Items from a dataset
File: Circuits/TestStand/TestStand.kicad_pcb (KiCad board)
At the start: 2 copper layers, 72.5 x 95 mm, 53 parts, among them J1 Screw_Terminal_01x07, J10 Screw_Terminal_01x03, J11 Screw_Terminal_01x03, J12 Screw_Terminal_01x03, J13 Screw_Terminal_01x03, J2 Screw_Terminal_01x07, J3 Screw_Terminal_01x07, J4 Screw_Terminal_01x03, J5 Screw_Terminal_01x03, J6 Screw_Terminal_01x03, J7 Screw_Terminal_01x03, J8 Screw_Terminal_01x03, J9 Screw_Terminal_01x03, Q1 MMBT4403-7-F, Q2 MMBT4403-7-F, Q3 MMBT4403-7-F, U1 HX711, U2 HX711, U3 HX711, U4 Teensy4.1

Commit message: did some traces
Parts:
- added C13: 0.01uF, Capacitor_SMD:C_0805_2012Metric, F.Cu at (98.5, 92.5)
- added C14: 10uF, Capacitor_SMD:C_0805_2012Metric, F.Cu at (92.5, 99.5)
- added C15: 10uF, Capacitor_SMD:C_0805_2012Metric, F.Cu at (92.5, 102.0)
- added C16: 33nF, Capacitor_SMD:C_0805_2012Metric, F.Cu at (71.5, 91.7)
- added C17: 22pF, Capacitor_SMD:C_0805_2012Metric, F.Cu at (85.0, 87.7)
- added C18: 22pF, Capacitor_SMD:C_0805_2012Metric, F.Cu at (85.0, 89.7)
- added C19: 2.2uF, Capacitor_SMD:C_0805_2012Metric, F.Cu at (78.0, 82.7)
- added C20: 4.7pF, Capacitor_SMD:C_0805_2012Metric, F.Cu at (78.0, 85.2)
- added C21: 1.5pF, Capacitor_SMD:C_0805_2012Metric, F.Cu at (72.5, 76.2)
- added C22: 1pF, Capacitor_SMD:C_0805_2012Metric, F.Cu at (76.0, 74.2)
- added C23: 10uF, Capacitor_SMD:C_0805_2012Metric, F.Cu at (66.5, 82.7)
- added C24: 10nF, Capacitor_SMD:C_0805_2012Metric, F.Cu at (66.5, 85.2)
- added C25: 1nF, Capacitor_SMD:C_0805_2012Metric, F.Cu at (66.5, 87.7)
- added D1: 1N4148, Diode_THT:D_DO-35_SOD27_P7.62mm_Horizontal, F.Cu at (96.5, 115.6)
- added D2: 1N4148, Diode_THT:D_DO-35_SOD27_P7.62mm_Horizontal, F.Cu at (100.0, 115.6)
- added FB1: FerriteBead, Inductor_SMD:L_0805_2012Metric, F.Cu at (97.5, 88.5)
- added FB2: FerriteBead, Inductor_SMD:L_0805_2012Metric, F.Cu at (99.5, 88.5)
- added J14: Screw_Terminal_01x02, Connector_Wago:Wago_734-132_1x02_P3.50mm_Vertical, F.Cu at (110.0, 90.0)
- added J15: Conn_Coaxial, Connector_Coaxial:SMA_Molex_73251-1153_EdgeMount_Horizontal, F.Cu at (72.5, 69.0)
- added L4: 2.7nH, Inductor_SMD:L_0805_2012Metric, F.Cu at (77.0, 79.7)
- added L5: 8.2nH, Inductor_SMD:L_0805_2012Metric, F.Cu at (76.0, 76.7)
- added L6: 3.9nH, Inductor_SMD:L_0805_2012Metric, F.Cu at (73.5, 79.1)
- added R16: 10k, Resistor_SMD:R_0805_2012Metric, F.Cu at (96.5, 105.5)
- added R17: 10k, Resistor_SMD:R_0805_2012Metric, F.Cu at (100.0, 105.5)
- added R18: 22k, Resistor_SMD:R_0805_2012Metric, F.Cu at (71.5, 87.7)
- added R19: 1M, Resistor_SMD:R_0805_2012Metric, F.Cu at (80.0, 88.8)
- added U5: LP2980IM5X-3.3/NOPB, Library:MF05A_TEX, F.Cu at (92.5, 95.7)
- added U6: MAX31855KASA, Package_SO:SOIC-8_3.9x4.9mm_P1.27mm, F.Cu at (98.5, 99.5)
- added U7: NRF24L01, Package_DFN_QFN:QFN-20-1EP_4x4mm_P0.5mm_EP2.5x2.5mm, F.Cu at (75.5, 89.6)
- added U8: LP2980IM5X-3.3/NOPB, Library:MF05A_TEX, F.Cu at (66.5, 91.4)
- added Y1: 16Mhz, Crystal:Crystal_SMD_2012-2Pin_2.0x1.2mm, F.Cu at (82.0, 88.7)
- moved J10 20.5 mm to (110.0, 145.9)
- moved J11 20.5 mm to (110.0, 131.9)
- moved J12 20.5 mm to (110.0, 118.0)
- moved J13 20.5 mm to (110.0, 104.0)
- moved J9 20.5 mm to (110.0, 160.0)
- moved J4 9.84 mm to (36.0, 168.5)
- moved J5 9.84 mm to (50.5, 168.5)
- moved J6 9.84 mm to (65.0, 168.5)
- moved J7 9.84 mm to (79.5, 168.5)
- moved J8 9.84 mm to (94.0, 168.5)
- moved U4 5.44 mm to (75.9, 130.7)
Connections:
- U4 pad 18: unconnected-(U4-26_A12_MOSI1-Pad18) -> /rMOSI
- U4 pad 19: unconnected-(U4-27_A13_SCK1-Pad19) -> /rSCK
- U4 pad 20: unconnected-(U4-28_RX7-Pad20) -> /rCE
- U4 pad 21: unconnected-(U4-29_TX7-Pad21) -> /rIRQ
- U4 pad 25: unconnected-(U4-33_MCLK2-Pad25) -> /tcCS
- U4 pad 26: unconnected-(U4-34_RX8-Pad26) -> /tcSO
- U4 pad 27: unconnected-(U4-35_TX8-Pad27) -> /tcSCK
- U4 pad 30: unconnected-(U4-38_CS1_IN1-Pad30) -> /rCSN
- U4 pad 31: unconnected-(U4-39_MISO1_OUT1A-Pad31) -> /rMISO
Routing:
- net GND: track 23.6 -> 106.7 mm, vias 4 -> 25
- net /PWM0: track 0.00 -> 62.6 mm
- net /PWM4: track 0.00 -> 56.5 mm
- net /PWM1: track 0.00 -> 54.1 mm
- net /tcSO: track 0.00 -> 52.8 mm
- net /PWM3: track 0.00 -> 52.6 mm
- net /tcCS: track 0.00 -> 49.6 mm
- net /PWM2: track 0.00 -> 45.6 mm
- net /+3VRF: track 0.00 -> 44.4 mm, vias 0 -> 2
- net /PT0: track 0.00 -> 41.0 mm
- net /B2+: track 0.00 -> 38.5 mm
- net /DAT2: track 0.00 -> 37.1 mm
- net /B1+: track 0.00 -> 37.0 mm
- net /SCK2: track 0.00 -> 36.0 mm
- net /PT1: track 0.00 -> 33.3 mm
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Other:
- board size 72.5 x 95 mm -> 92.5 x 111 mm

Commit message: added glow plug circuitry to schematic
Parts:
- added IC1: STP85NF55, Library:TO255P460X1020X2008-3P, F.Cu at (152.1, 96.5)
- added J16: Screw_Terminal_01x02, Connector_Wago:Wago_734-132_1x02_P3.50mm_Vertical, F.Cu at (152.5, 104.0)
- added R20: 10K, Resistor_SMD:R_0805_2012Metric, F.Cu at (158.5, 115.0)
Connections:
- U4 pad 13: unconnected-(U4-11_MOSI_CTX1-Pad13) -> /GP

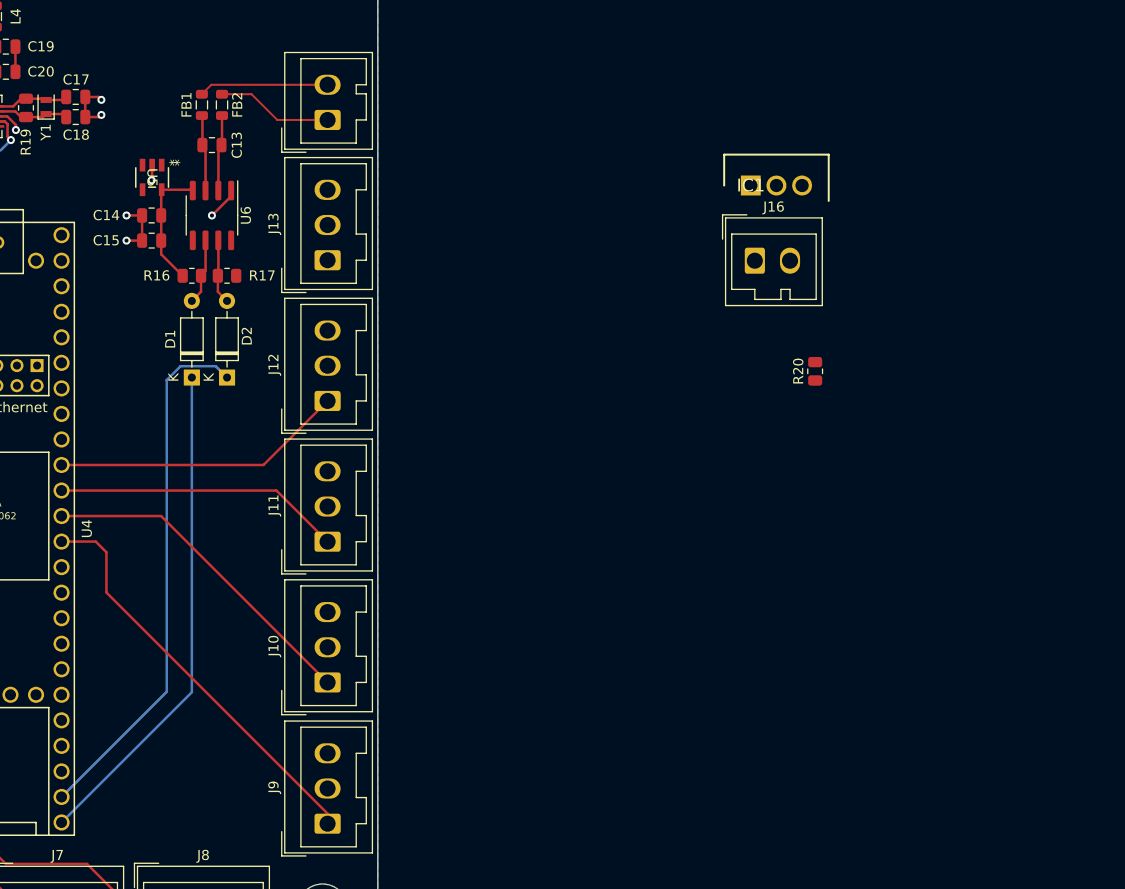
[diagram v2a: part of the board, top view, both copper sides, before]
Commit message: added voltage regulator stuff
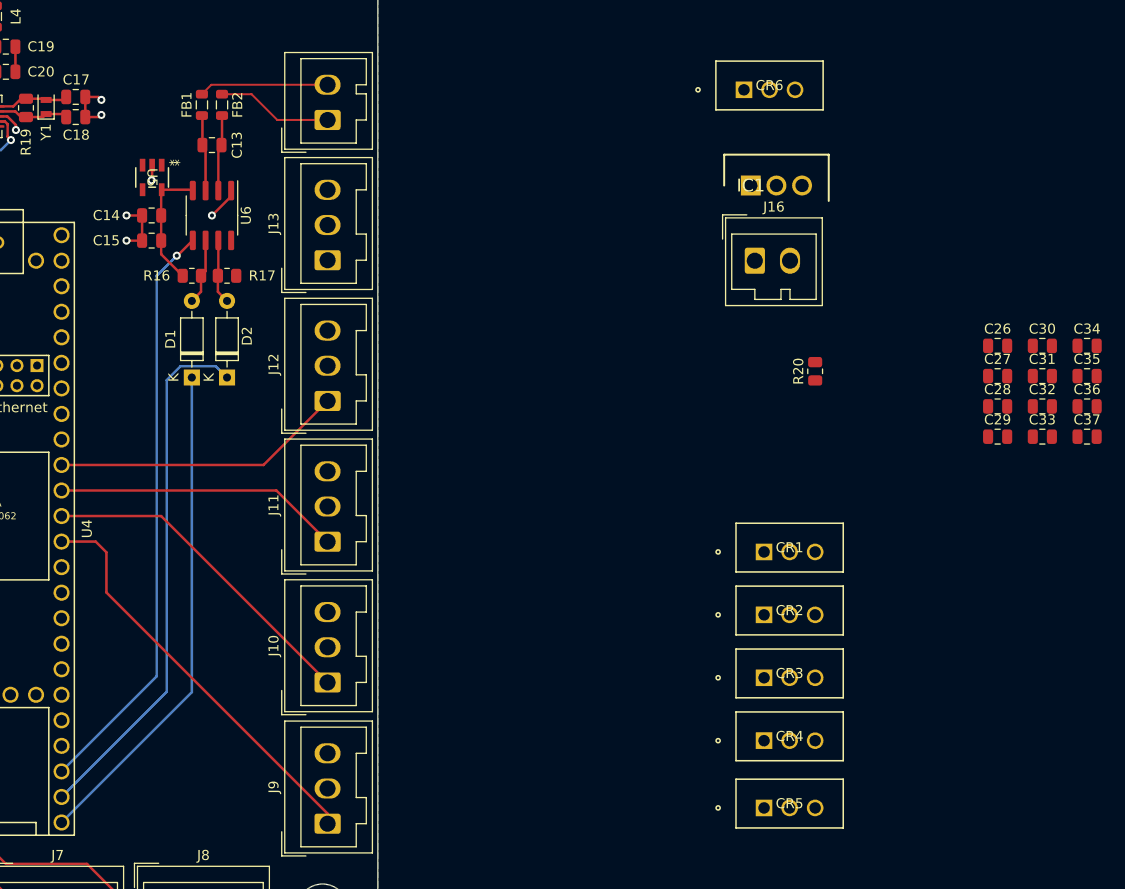
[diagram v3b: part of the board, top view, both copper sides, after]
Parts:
- added C26: 10uF, Capacitor_SMD:C_0805_2012Metric, F.Cu at (176.7, 112.5)
- added C27: 10uF, Capacitor_SMD:C_0805_2012Metric, F.Cu at (176.7, 115.5)
- added C28: 10uF, Capacitor_SMD:C_0805_2012Metric, F.Cu at (176.7, 118.5)
- added C29: 10uF, Capacitor_SMD:C_0805_2012Metric, F.Cu at (176.7, 121.5)
- added C30: 10uF, Capacitor_SMD:C_0805_2012Metric, F.Cu at (181.1, 112.5)
- added C31: 10uF, Capacitor_SMD:C_0805_2012Metric, F.Cu at (181.1, 115.5)
- added C32: 10uF, Capacitor_SMD:C_0805_2012Metric, F.Cu at (181.1, 118.5)
- added C33: 10uF, Capacitor_SMD:C_0805_2012Metric, F.Cu at (181.1, 121.5)
- added C34: 10uF, Capacitor_SMD:C_0805_2012Metric, F.Cu at (185.6, 112.5)
- added C35: 10uF, Capacitor_SMD:C_0805_2012Metric, F.Cu at (185.6, 115.5)
- added C36: 10uF, Capacitor_SMD:C_0805_2012Metric, F.Cu at (185.6, 118.5)
- added C37: 10uF, Capacitor_SMD:C_0805_2012Metric, F.Cu at (185.6, 121.5)
- added CR1: LD1085V50, Library:TO-220_STM, F.Cu at (153.4, 133.0)
- added CR2: LD1085V50, Library:TO-220_STM, F.Cu at (153.4, 139.2)
- added CR3: LD1085V50, Library:TO-220_STM, F.Cu at (153.4, 145.5)
- added CR4: LD1085V50, Library:TO-220_STM, F.Cu at (153.4, 151.7)
- added CR5: LD1085V50, Library:TO-220_STM, F.Cu at (153.4, 158.4)
- added CR6: LD1085V50, Library:TO-220_STM, F.Cu at (151.4, 87.0)
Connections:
- J16 pad 2: +12V -> +BATT
- J4 pad 2: +7.5V -> /+S0
- J5 pad 2: +7.5V -> /+S1
- J6 pad 2: +7.5V -> /+S2
- J7 pad 2: +7.5V -> /+S3
- J8 pad 2: +7.5V -> /+S4
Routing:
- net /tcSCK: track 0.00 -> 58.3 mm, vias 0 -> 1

- **WHAT TO DO**: When the line with "- U4 pad 26: unconnected-(U4-34_RX8-Pad26)" is reached in the data above, start copying there, and copy each line exactly until the line with "- net /tcSO: track 0.00 -> 52.8 mm" has been copied; copy nothing else.

- **EXPECTED OUTPUT**:
- U4 pad 26: unconnected-(U4-34_RX8-Pad26) -> /tcSO
- U4 pad 27: unconnected-(U4-35_TX8-Pad27) -> /tcSCK
- U4 pad 30: unconnected-(U4-38_CS1_IN1-Pad30) -> /rCSN
- U4 pad 31: unconnected-(U4-39_MISO1_OUT1A-Pad31) -> /rMISO
Routing:
- net GND: track 23.6 -> 106.7 mm, vias 4 -> 25
- net /PWM0: track 0.00 -> 62.6 mm
- net /PWM4: track 0.00 -> 56.5 mm
- net /PWM1: track 0.00 -> 54.1 mm
- net /tcSO: track 0.00 -> 52.8 mm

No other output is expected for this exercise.